Il rapporto del generale David H. Petraeus sulla guerra in Iraq era atteso da tutti a Washington. Le aspettative si sono fatte via via sempre più importanti, come se Petraeus dovesse liberare messianicamente l’America da un problema in apparenza irrisolvibile. Adesso Petraeus ha finalmente parlato e ha fatto un buon lavoro. Nella sua analisi e nel suo piano ci sono alcuni paradossi, ma vista la natura della questione era inevitabile che ci fossero.

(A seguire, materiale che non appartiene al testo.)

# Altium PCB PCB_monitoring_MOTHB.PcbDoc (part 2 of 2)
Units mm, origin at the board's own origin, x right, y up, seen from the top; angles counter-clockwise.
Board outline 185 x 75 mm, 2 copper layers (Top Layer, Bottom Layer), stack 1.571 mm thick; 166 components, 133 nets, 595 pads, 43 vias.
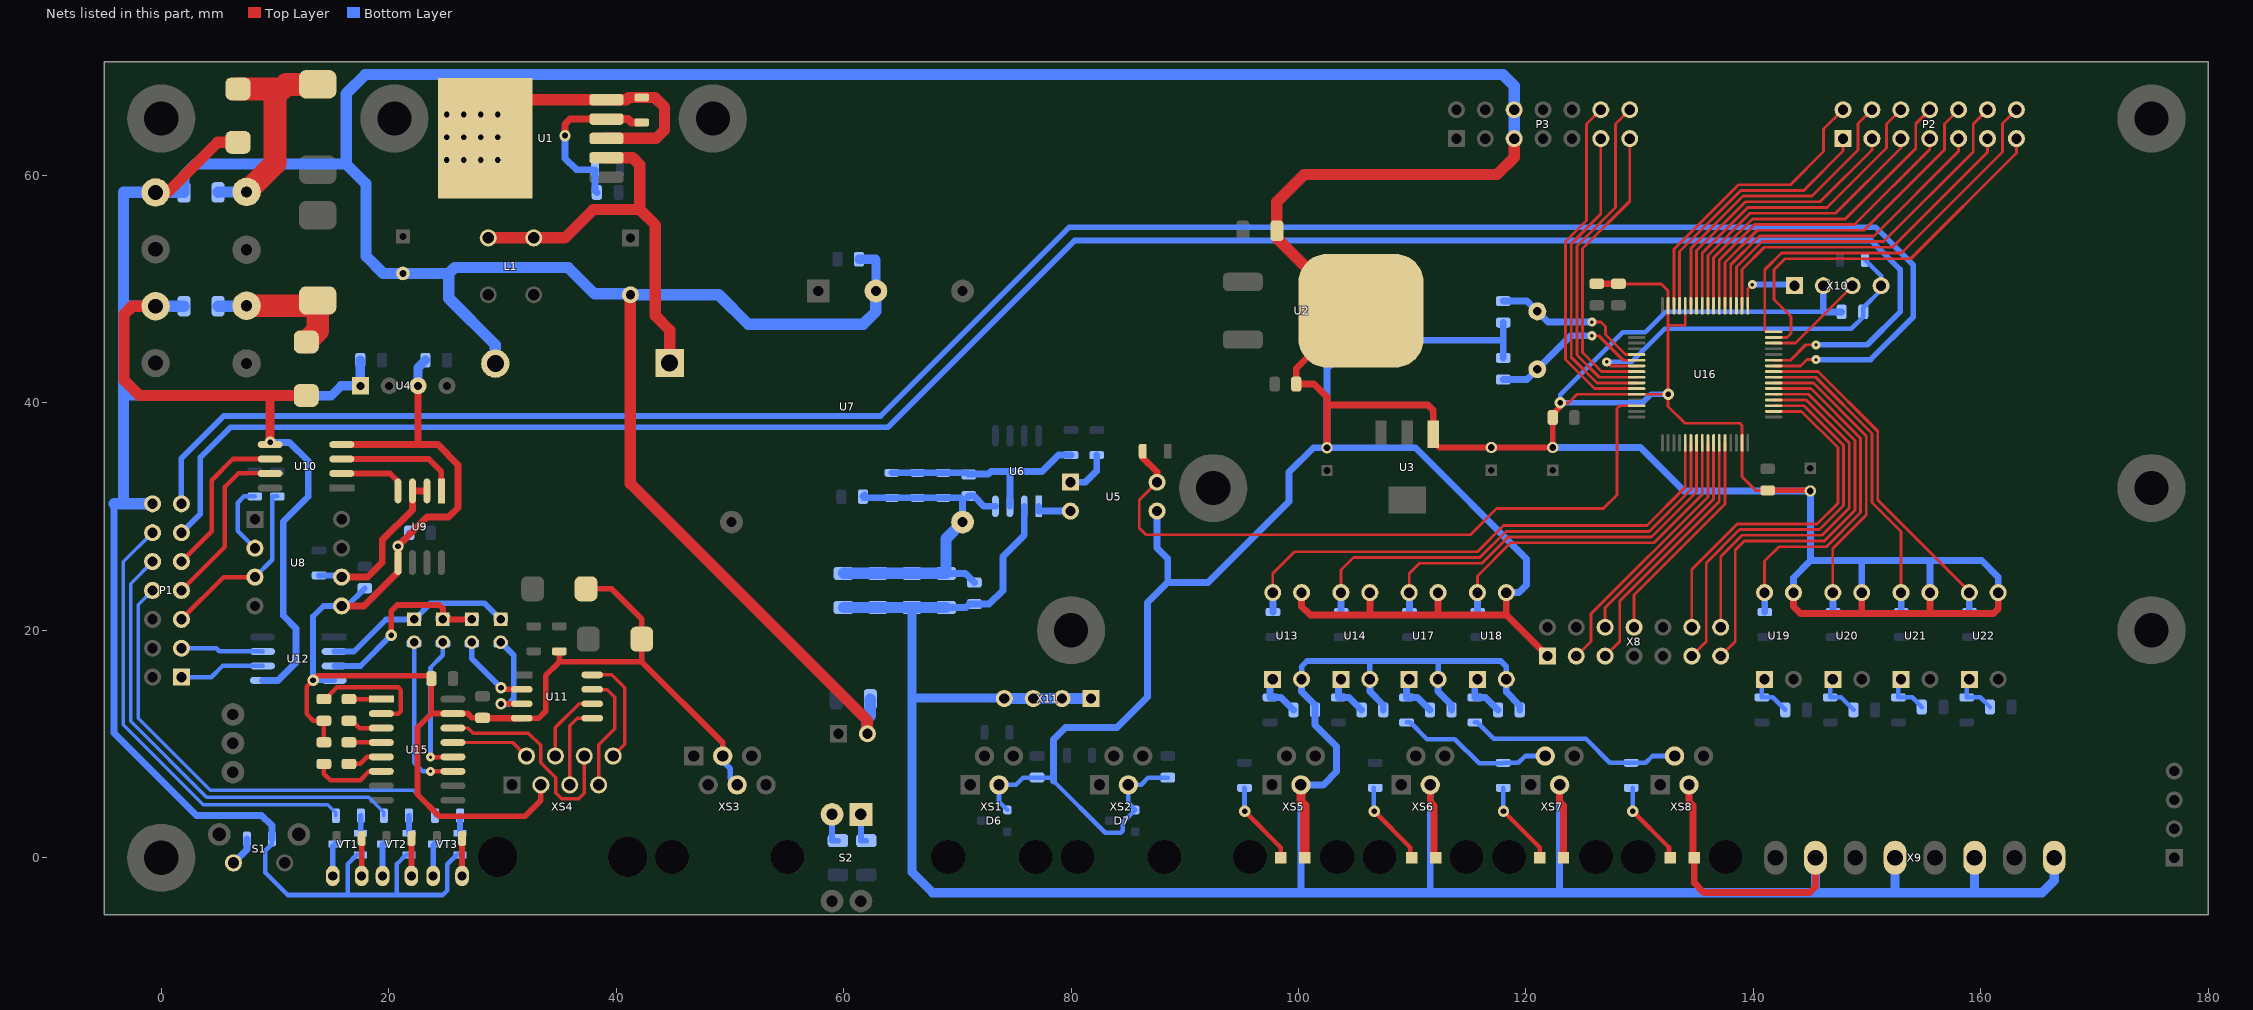
[diagram p2: the nets of this part, all layers, seen from the top]

## Via types
v1: diameter 1, hole 0.5, Top Layer to Bottom Layer, 34 vias
v2: diameter 0.8, hole 0.3, Top Layer to Bottom Layer, 8 vias
v3: diameter 2, hole 1, Top Layer to Bottom Layer, 1 vias

## Nets (pads, with @x,y where several pads share a name; then routed paths per layer and width w, separated by ;. In a path a pad name is that pad's centre, name@x,y a point inside that pad or via, vN(x,y) a via of type N, cw(c..) or ccw(c..) an arc to the next point about the centre after c; other vN are vias at no path point) (continued)
DI3: R36.2 R37.2 XS7.2 | length 13.9
  Bottom Layer w0.4: R36.2@109.5,11.9 109.825,11.9 111.3,10.425 113.75,10.425 115.875,8.3 117.95,8.3 R37.2@118,8.35 119.325,8.35 119.92,8.945 XS7.2@121.69,8.945
DI4: R39.2 R40.2 XS8.2 | length 19.3
  Bottom Layer w0.4: R39.2@115.5,11.9 115.725,11.9 117.175,10.45 125.275,10.45 127.375,8.35 R40.2@129.25,8.35 130.525,8.35 131.12,8.945 XS8.2@133.065,8.945
FA: U11.8 XS4.8 | length 9.7
  Top Layer w0.3: U11.8@37.9,16.08 39.62,16.08 40.75,14.95 40.75,9.965 XS4.8@39.73,8.945
FB\: U11.7 XS4.7 | length 10.6
  Top Layer w0.3: U11.7@37.9,14.81 37.935,14.775 39.2,14.775 39.875,14.1 39.875,11.35 38.46,9.935 XS4.7@38.46,6.405
FY: U11.5 XS4.5 | length 7.4
  Top Layer w0.3: XS4.5@35.92,6.405 35.92,11.595 36.595,12.27 U11.5@37.9,12.27
FZ\: U11.6 XS4.4 | length 6.6
  Top Layer w0.3: XS4.4@34.65,8.945 34.65,11.45 36.74,13.54 U11.6@37.9,13.54
GND: C1.1 C3.2 C4.2 C5.1 C6.1 C7.1 C8.1 C9.2 C10.2 C12.2 C14.1 C17.2 C19.2 C31.1 C32.1 C36.2 C38.2 C39.2 C40.2 C41.2 C42.2 C43.2 D2.1 D4.1 D5.1 D6.1 D7.1 P1.14 P3.5 P3.6 R2.1 R26.2 U1.3 U1.5 U1.6 U2.3 U3.1 U4.1 U5.3 U7.2 U10.5 U12.5 U13.3 U14.3 U16.12 U16.31 U16.60 U16.63 U17.3 U18.3 U19.3 U20.3 U21.3 U22.3 VT1.2 VT2.2 VT3.2 X1.1 X2.1 X8.1 X10.2 X12.2 XS1.3 XS2.3 | length 891
  Top Layer w0.25: v1(123,40) 123.733,40 124.483,40.75 U16.12@129.725,40.75 v1(132.5,40.75) ; C38.2@128.125,50.475 128.15,50.45 131.9,50.45 132.5,49.85 U16.63@132.5,48.525 132.5,46.825 ; U16.60@134,48.525 134,46.825 132.5,46.825 ; C40.2@141.25,32.3 140.2,32.3 139,33.5 U16.31@139,36.475 139,38.012 138.812,38.2 133.975,38.2 132.5,39.675 v1(132.5,40.75) ; C39.2@144.95,32.3 C39.2@145,32.25 ; v1(132.5,40.75) 132.5,46.825
  Top Layer w0.5: U3.1@111.85,37.25 111.85,36.6 112.375,36.075 C9.2@116.95,36.075 C43.2@122.35,36.075 C42.2@122.35,38.7 122.35,39 123,39.65 v1(123,40) ; C40.2@141.25,32.3 C39.2@144.95,32.3
  Top Layer w0.6: 9.55,40.65 9.575,40.625 ; U13.3@100.27,23.31 100.27,22.105 101.035,21.34 106.225,21.34 ; C10.2@102.5,36.05 102.5,39.8 ; U2.3@105.494,48.1 104.875,48.1 99.8,43.025 C8.1@99.8,41.65 101.35,41.65 102.5,40.5 102.5,39.8 ; U14.3@106.27,23.31 106.27,21.385 106.225,21.34 ; U3.1@111.85,37.25 111.85,39.325 111.375,39.8 102.5,39.8 ; U17.3@112.27,23.31 112.27,21.345 112.275,21.34 ; U18.3@118.27,23.31 118.27,21.34 ; X8.1@121.88,17.73 118.27,21.34 ; C41.2@126.225,50.475 C38.2@128.125,50.475 ; U19.3@143.52,23.31 143.52,22.08 144.125,21.475 149.5,21.475 ; U20.3@149.52,23.31 149.52,21.495 149.5,21.475 ; U21.3@155.52,23.31 155.52,21.495 155.5,21.475 ; U22.3@161.52,23.31 161.52,21.87 161.125,21.475 155.5,21.475 ; 106.225,21.34 112.275,21.34 ; 112.275,21.34 118.27,21.34 ; 149.5,21.475 155.5,21.475
  Top Layer w0.8: v1(9.575,36.525) 9.575,40.625
  Top Layer w1: X2.1@-0.5,48.5 -2.55,48.5 -3.275,47.775 -3.275,42 -1.925,40.65 9.55,40.65 D4.1@12.75,40.65 ; X1.1@-0.5,58.5 0.55,58.5 4.95,62.9 D2.1@6.75,62.9 ; U1.6@28.475,63.25 31.875,66.65 U1.5@39.15,66.65 40.9,66.65 41.1,66.85 R2.1@42.25,66.85 43.4,66.85 44.25,66 44.25,64 43.5,63.25 U1.3@39.15,63.25 ; C4.2@41.25,49.5 41.25,32.9 62.09,12.06 X12.2@62.09,10.9 ; U2.3@105.494,48.1 104.475,48.1 98.1,54.475 C7.1@98.1,55.125 98.1,57.675 100.5,60.075 117.45,60.075 118.96,61.585 P3.5@118.96,63.23
  Bottom Layer w0.4: R26.2@9.725,1.65 9.725,1.2 9.15,0.625 9.15,-1.3 11.125,-3.275 16.4,-3.275 ; VT1.2@17.525,0.25 17.2,0.25 16.4,-0.55 16.4,-3.275 ; VT2.2@21.775,0.25 21.525,0.25 20.725,-0.55 20.725,-3.275 ; VT3.2@26.275,0.25 25.975,0.25 25.15,-0.575 25.15,-2.875 24.75,-3.275 20.725,-3.275 ; D6.1@74.395,4.2 73.66,4.935 XS1.3@73.66,6.405 75.155,6.405 75.8,7.05 C17.2@77,7.05 78.15,7.05 78.45,6.75 83,2.2 84.375,2.2 84.55,2.375 84.55,3.105 D7.1@85.645,4.2 85.025,4.82 85.025,6.395 XS2.3@85.035,6.405 86.155,6.405 86.8,7.05 C19.2@88.5,7.05 ; v1(123,40) 123,40.702 128.498,46.2 130.5,46.2 132.3,48 146.14,48 ; 16.4,-3.275 20.725,-3.275
  Bottom Layer w0.5: v1(123,40) 130.25,40 131,40.75 v1(132.5,40.75)
  Bottom Layer w0.6: -4.15,31.12 -4.15,10.975 3.1,3.725 8.825,3.725 9.725,2.825 R26.2@9.725,1.65 ; U12.5@8.9,15.595 10.27,15.595 11.85,17.175 11.85,20.175 10.725,21.3 10.725,29.55 12.925,31.75 12.925,34.875 11.275,36.525 v1(9.575,36.525) ; 78.45,6.75 78.45,10.4 79.5,11.45 84.05,11.45 86.725,14.125 86.725,22.431 88.494,24.2 ; U5.3@87.56,30.48 87.56,27.24 88.494,26.306 88.494,24.2 ; C32.1@118,43.95 118,45.5 ; C31.1@118,47.05 118,45.5 ; U18.3@118.27,23.31 119.385,23.31 120.05,23.975 120.05,26.275 110.275,36.05 C10.2@102.5,36.05 ; C43.2@122.35,36.075 130.05,36.075 133.875,32.25 C39.2@145,32.25 145.025,32.225 145.025,26.125 ; U19.3@143.52,23.31 143.52,24.62 145.025,26.125 ; X10.2@146.14,50.3 146.14,48 C36.2@147.75,48 ; U20.3@149.52,23.31 149.52,26.12 149.525,26.125 ; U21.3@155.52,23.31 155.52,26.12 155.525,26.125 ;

Per i democratici, desiderosi di ritirare i soldati americani dall’Iraq, Petraeus è diventato una specie di tormento. Allo scopo di dimostrare il loro patriottismo e il loro sostegno alle truppe, inizialmente lo hanno elogiato. Ora, però, non condividendo alcune delle cose da lui dette, stanno dando prova di grande vigliaccheria nel trovare pretesti per criticarlo.

Petraeus ha affrontato tre temi chiave.

Primo, ha detto che il “surge” sta funzionando. I terroristi sunniti sono stati costretti alla ritirata. In considerazione di come sta cambiando il corso degli eventi, alcuni leader delle tribù sunnite e persino ex rivoltosi hanno cambiato sponda. Nella battaglia contro le milizie sciite radicali, sono stati catturati i leader di maggior spicco. “Gli obbiettivi militari del surge sono stati in gran parte raggiunti”, conclude.

Secondo, grazie ai progressi fatti, a metà 2008 sarà possibile avviare il ritiro di una parte del contingente americano.

Terzo, gli Stati Uniti in Iraq stanno combattendo una guerra contro l’Iran. Il Corpo delle Guardie della Repubblica Iraniana ha addestrato, armato, finanziato e persino guidato gli estremisti sciiti che “hanno assassinato e rapito i leader del governo iracheno, ucciso e ferito i nostri soldati con ordigni esplosivi a tecnologia avanzata forniti dall’Iran, e bombardato i civili in maniera indiscriminata… E’ sempre più evidente… che l’Iran… stia cercando di trasformare le forze radicali sciite irachene in una forza simile ad Hezbollah allo scopo di realizzare i propri interessi e di combattere una guerra per procura contro lo stato iracheno e le forze di coalizione in Iraq”.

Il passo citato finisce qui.